_EXERCISE OBJECTIVE:_ An exact copy of the lines from the top of the data through the line with "extrude(amount=EXTRUDE_1_DEPTH)" is what you should give, with no pictures in it.
[[ GIVEN DATA, beginning ]]
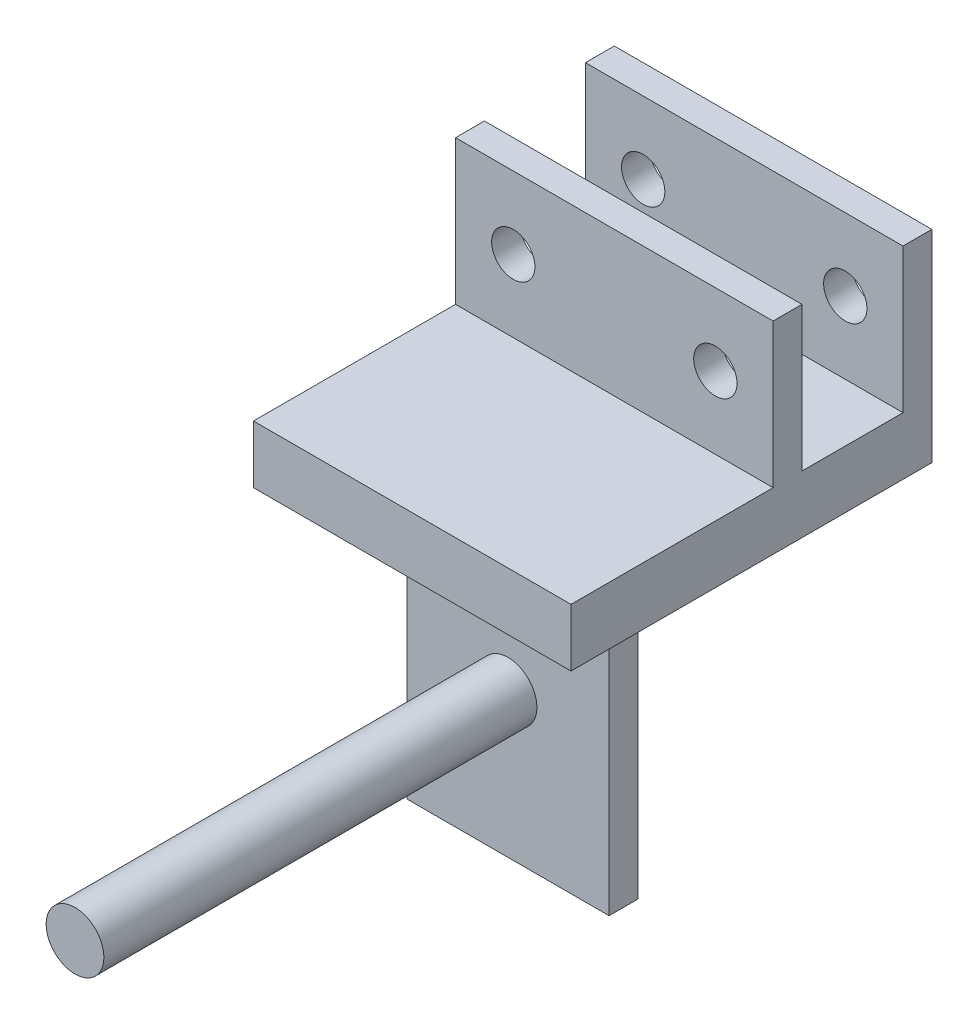
from build123d import *

# Parameters (mm, degrees)
SKETCH_2_W          = 22
SKETCH_2_H          = 25
EXTRUDE_1_DEPTH     = 4
SKETCH_3_W          = 22
SKETCH_3_H          = 2
EXTRUDE_2_DEPTH     = 10
SKETCH_4_R          = 1.5
CUT_EXTRUDE_1_DEPTH = 11
SKETCH_5_W          = 14
SKETCH_5_H          = 2
EXTRUDE_3_DEPTH     = 20
SKETCH_6_R          = 2
EXTRUDE_4_DEPTH     = 30


with BuildPart() as part:
    # Эскиз2 → Бобышка-Вытянуть1 (new body)
    with BuildSketch(Plane(origin=(0, 0, 0), x_dir=(1, 0, 0), z_dir=(0, 1, 0))):
        with Locations((-34.831985697, -17.94161698)):
            Rectangle(SKETCH_2_W, SKETCH_2_H)
    extrude(amount=EXTRUDE_1_DEPTH)

    # Эскиз3 → Бобышка-Вытянуть2 (add)
    with BuildSketch(Plane(origin=(0, 4, 0), x_dir=(1, 0, 0), z_dir=(0, 1, 0))):
        with Locations((-34.831985697, -6.44161698)):
            Rectangle(SKETCH_3_W, SKETCH_3_H)
        with Locations((-34.831985697, -15.44161698)):
            Rectangle(SKETCH_3_W, SKETCH_3_H)
    extrude(amount=EXTRUDE_2_DEPTH)

    # Эскиз4 → Вырез-Вытянуть1 (cut)
    with BuildSketch(Plane.XY.offset(16.44161698)):
        with Locations((-41.831985697, 9)):
            Circle(SKETCH_4_R)
        with Locations((-27.831985697, 9)):
            Circle(SKETCH_4_R)
    extrude(amount=-CUT_EXTRUDE_1_DEPTH, mode=Mode.SUBTRACT)

    # Эскиз5 → Бобышка-Вытянуть3 (add)
    with BuildSketch(Plane.XZ):
        with Locations((-34.831985697, 22.805333719)):
            Rectangle(SKETCH_5_W, SKETCH_5_H)
    extrude(amount=EXTRUDE_3_DEPTH)

    # Эскиз6 → Бобышка-Вытянуть4 (add)
    with BuildSketch(Plane.XY.offset(23.805333719)):
        with Locations(Location((-34.831985697, -10, 0), (0, 0, 180))):
            Circle(SKETCH_6_R)
    extrude(amount=EXTRUDE_4_DEPTH)


solid = part.part
[[ GIVEN DATA, end ]]
_SOLUTION TO THIS PROBLEM:_
from build123d import *

# Parameters (mm, degrees)
SKETCH_2_W          = 22
SKETCH_2_H          = 25
EXTRUDE_1_DEPTH     = 4
SKETCH_3_W          = 22
SKETCH_3_H          = 2
EXTRUDE_2_DEPTH     = 10
SKETCH_4_R          = 1.5
CUT_EXTRUDE_1_DEPTH = 11
SKETCH_5_W          = 14
SKETCH_5_H          = 2
EXTRUDE_3_DEPTH     = 20
SKETCH_6_R          = 2
EXTRUDE_4_DEPTH     = 30


with BuildPart() as part:
    # Эскиз2 → Бобышка-Вытянуть1 (new body)
    with BuildSketch(Plane(origin=(0, 0, 0), x_dir=(1, 0, 0), z_dir=(0, 1, 0))):
        with Locations((-34.831985697, -17.94161698)):
            Rectangle(SKETCH_2_W, SKETCH_2_H)
    extrude(amount=EXTRUDE_1_DEPTH)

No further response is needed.